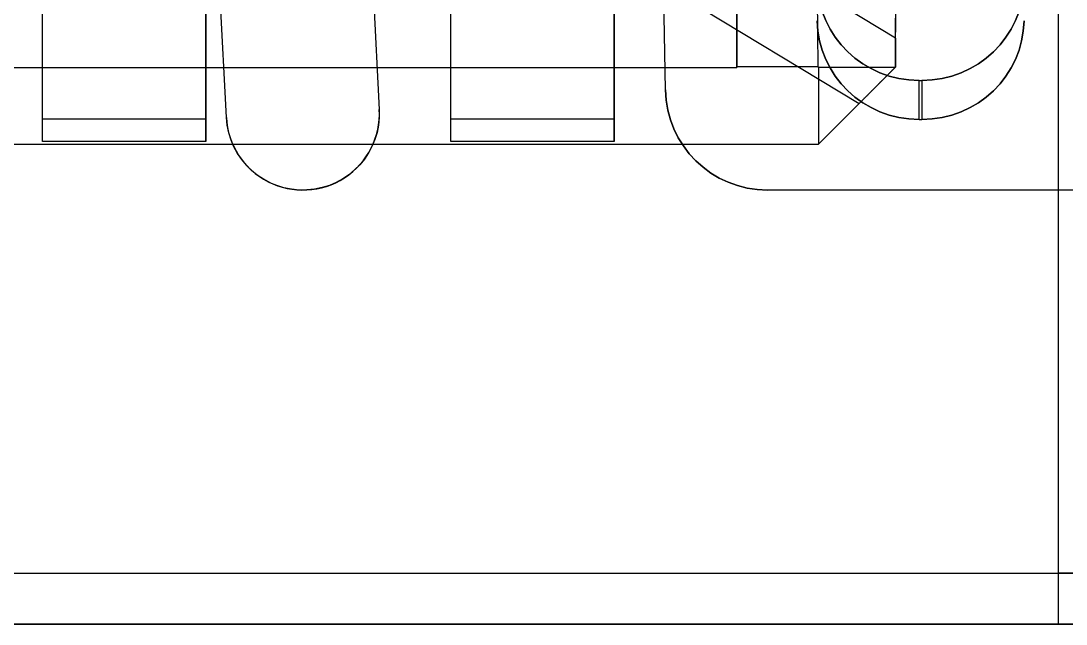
# Model space of a CAD drawing. Extents: x -4.83 to 4.83, y -5.56 to 3.84.
# Drawn here: x 0.598 to 2.645, y -5.56 to -4.379 of the extents above; entities that cross this region are included whole.
import ezdxf

# ---------------------------------------------------------------- set-up
doc = ezdxf.new("R2010")
doc.units = 0
doc.layers.get('0').update_dxf_attribs({"linetype": 'CONTINUOUS'})

# ---------------------------------------------------------------- blocks, each defined once
blk = doc.blocks.new('*U1')
at = {"color": 250, "extrusion": (-1, 0, 0)}
for p, q in [((2, -4.4687, 2.4213), (2, 0, 2.4603)), ((2, 0, 2.4603), (2, -4.47, 2.42)), ((2, -4.47, 2.42), (2, -4.4687, 2.4213))]:
    blk.add_line(p, q, dxfattribs=at)
at = {"color": 250, "extrusion": (0, -0.008727, 0.999962)}
for p, q in [((2, -4.4687, 2.4213), (2, 0, 2.4603)), ((2.1197, 0, 2.4603), (2.1587, -4.4687, 2.4213)), ((2.1587, -4.4687, 2.4213), (2, -4.4687, 2.4213))]:
    blk.add_line(p, q, dxfattribs=at)
at = {"color": 250, "extrusion": (0, -0.009019, 0.999959)}
for p in [(2, 0, 2.4603), (-2, -4.47, 2.42)]:
    blk.add_line(p, (2, -4.47, 2.42), dxfattribs=at)
at = {"color": 250, "extrusion": (0.707107, 0, 0.707107)}
for p, q in [((2.1197, 0, 2.4603), (2.1587, -4.4687, 2.4213)), ((2.3108, -4.4696, 2.2692), (2.3342, 0, 2.2458)), ((2.16, -4.47, 2.42), (2.1587, -4.4687, 2.4213)), ((2.3105, -4.47, 2.2695), (2.16, -4.47, 2.42))]:
    blk.add_line(p, q, dxfattribs=at)
at = {"color": 250, "extrusion": (0.999986, -0.005236, 0)}
for p, q in [((2.3108, -4.4696, 2.2692), (2.3342, 0, 2.2458)), ((2.3111, -4.4123, 1.6016), (2.3342, 0, 1.6358)), ((2.3108, -4.4692, 1.6199), (2.3108, -4.4692, 2.2696))]:
    blk.add_line(p, q, dxfattribs=at)
at = {"color": 250, "extrusion": (0.828721, 0, -0.559661)}
for q in [(2.3342, 0, 1.6358), (1.8931, -4.1597, 0.9826)]:
    blk.add_line((2.3111, -4.4123, 1.6016), q, dxfattribs=at)
at = {"color": 250}
for p, q in [((2.3111, -4.4123, 1.6016), (1.8931, -4.1597, 0.9826)), ((1.7936, -4.2708, 1.0044), (2.2396, -4.5404, 1.6649))]:
    blk.add_line(p, q, dxfattribs=at)
at = {"color": 250, "extrusion": (0, -0.925848, -0.377897)}
for p, q in [((1.7936, -4.2708, 1.0044), (2.2396, -4.5404, 1.6649)), ((2.2396, -4.5404, 1.6649), (2.16, -4.62, 1.86)), ((-2.16, -4.62, 1.86), (2.16, -4.62, 1.86))]:
    blk.add_line(p, q, dxfattribs=at)
at = {"color": 250, "extrusion": (0, -0.707107, 0.707107)}
for p, q in [((-2, -4.47, 2.42), (2, -4.47, 2.42)), ((2, -4.47, 2.42), (2, -4.4687, 2.4213)), ((2.1587, -4.4687, 2.4213), (2, -4.4687, 2.4213)), ((2.16, -4.47, 2.42), (2.1587, -4.4687, 2.4213)), ((2.16, -4.47, 2.42), (2.16, -4.62, 2.27)), ((-2.16, -4.62, 2.27), (2.16, -4.62, 2.27))]:
    blk.add_line(p, q, dxfattribs=at)
at = {"color": 250, "extrusion": (0.57735, -0.57735, 0.57735)}
for p, q in [((2.16, -4.62, 2.27), (2.3105, -4.4695, 2.27)), ((2.16, -4.47, 2.42), (2.16, -4.62, 2.27)), ((2.3105, -4.47, 2.2695), (2.16, -4.47, 2.42))]:
    blk.add_line(p, q, dxfattribs=at)
at = {"color": 250, "extrusion": (0.707107, -0.707107, 0)}
for p, q in [((2.16, -4.62, 2.27), (2.3105, -4.4695, 2.27)), ((2.3108, -4.4692, 1.6199), (2.3108, -4.4692, 2.2696)), ((2.2396, -4.5404, 1.6649), (2.16, -4.62, 1.86)), ((2.16, -4.62, 1.86), (2.16, -4.62, 2.27))]:
    blk.add_line(p, q, dxfattribs=at)
at = {"color": 250, "extrusion": (0, -1, 1e-16)}
for p, q in [((-2.16, -4.62, 1.86), (2.16, -4.62, 1.86)), ((-2.16, -4.62, 2.27), (2.16, -4.62, 2.27)), ((2.16, -4.62, 1.86), (2.16, -4.62, 2.27))]:
    blk.add_line(p, q, dxfattribs=at)
at = {"color": 250}
for points in [[(2.3111, -4.4123, 1.6016), (2.3111, -4.4128, 1.6016), (2.3111, -4.4133, 1.6016), (2.3111, -4.4138, 1.6016), (2.3111, -4.4143, 1.6016), (2.3111, -4.4148, 1.6016), (2.3111, -4.4153, 1.6016), (2.3111, -4.4157, 1.6017), (2.3111, -4.4162, 1.6017), (2.3111, -4.4167, 1.6017), (2.3111, -4.4172, 1.6017), (2.3111, -4.4177, 1.6017), (2.3111, -4.4181, 1.6018), (2.311, -4.4186, 1.6018), (2.311, -4.4191, 1.6018), (2.311, -4.4196, 1.6019), (2.311, -4.4201, 1.6019), (2.311, -4.4205, 1.6019), (2.311, -4.421, 1.602), (2.311, -4.4215, 1.602), (2.311, -4.422, 1.6021), (2.311, -4.4224, 1.6021), (2.311, -4.4229, 1.6022), (2.311, -4.4234, 1.6023), (2.311, -4.4239, 1.6023), (2.311, -4.4243, 1.6024), (2.311, -4.4248, 1.6024), (2.311, -4.4253, 1.6025), (2.311, -4.4257, 1.6026), (2.311, -4.4262, 1.6026), (2.311, -4.4267, 1.6027), (2.311, -4.4271, 1.6028), (2.311, -4.4276, 1.6029), (2.311, -4.4281, 1.603), (2.311, -4.4285, 1.6031), (2.311, -4.429, 1.6031), (2.311, -4.4295, 1.6032), (2.311, -4.4299, 1.6033), (2.311, -4.4304, 1.6034), (2.311, -4.4308, 1.6035), (2.311, -4.4313, 1.6036), (2.311, -4.4318, 1.6037), (2.311, -4.4322, 1.6038), (2.311, -4.4327, 1.6039), (2.311, -4.4331, 1.604), (2.311, -4.4336, 1.6041), (2.311, -4.4341, 1.6043), (2.311, -4.4345, 1.6044), (2.311, -4.435, 1.6045), (2.311, -4.4354, 1.6046), (2.311, -4.4359, 1.6047), (2.311, -4.4363, 1.6049), (2.311, -4.4368, 1.605), (2.311, -4.4372, 1.6051), (2.311, -4.4377, 1.6053), (2.311, -4.4381, 1.6054), (2.311, -4.4386, 1.6055), (2.311, -4.439, 1.6057), (2.311, -4.4395, 1.6058), (2.3109, -4.4399, 1.6059), (2.3109, -4.4404, 1.6061), (2.3109, -4.4408, 1.6062), (2.3109, -4.4413, 1.6064), (2.3109, -4.4417, 1.6065), (2.3109, -4.4422, 1.6067), (2.3109, -4.4426, 1.6068), (2.3109, -4.4431, 1.607), (2.3109, -4.4435, 1.6072), (2.3109, -4.4439, 1.6073), (2.3109, -4.4444, 1.6075), (2.3109, -4.4448, 1.6077), (2.3109, -4.4453, 1.6078), (2.3109, -4.4457, 1.608), (2.3109, -4.4461, 1.6081), (2.3109, -4.4466, 1.6083), (2.3109, -4.447, 1.6085), (2.3109, -4.4475, 1.6087), (2.3109, -4.4479, 1.6088), (2.3109, -4.4483, 1.609), (2.3109, -4.4488, 1.6092), (2.3109, -4.4492, 1.6094), (2.3109, -4.4497, 1.6096), (2.3109, -4.4501, 1.6098), (2.3109, -4.4505, 1.61), (2.3109, -4.4509, 1.6101), (2.3109, -4.4514, 1.6103), (2.3109, -4.4518, 1.6105), (2.3109, -4.4523, 1.6107), (2.3109, -4.4527, 1.6109), (2.3109, -4.4531, 1.6111), (2.3109, -4.4535, 1.6113), (2.3109, -4.454, 1.6115), (2.3109, -4.4544, 1.6118), (2.3109, -4.4548, 1.612), (2.3109, -4.4553, 1.6122), (2.3109, -4.4557, 1.6124), (2.3109, -4.4561, 1.6126), (2.3109, -4.4566, 1.6128), (2.3108, -4.457, 1.613), (2.3108, -4.4574, 1.6132), (2.3108, -4.4578, 1.6135), (2.3108, -4.4583, 1.6137), (2.3108, -4.4587, 1.6139), (2.3108, -4.4591, 1.6141), (2.3108, -4.4595, 1.6143), (2.3108, -4.46, 1.6146), (2.3108, -4.4604, 1.6148), (2.3108, -4.4608, 1.615), (2.3108, -4.4612, 1.6153), (2.3108, -4.4617, 1.6155), (2.3108, -4.4621, 1.6157), (2.3108, -4.4625, 1.616), (2.3108, -4.4629, 1.6162), (2.3108, -4.4634, 1.6164), (2.3108, -4.4638, 1.6167), (2.3108, -4.4642, 1.6169), (2.3108, -4.4646, 1.6172), (2.3108, -4.465, 1.6174), (2.3108, -4.4654, 1.6177), (2.3108, -4.4659, 1.6179), (2.3108, -4.4663, 1.6181), (2.3108, -4.4667, 1.6184), (2.3108, -4.4671, 1.6186), (2.3108, -4.4675, 1.6189), (2.3108, -4.468, 1.6192), (2.3108, -4.4684, 1.6194), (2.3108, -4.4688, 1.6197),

What you are asked to do
Find the string "blocks" in the data. Report each line it appears in.

Answer space
# ---------------------------------------------------------------- blocks, each defined once
blk = doc.blocks.new('*U1')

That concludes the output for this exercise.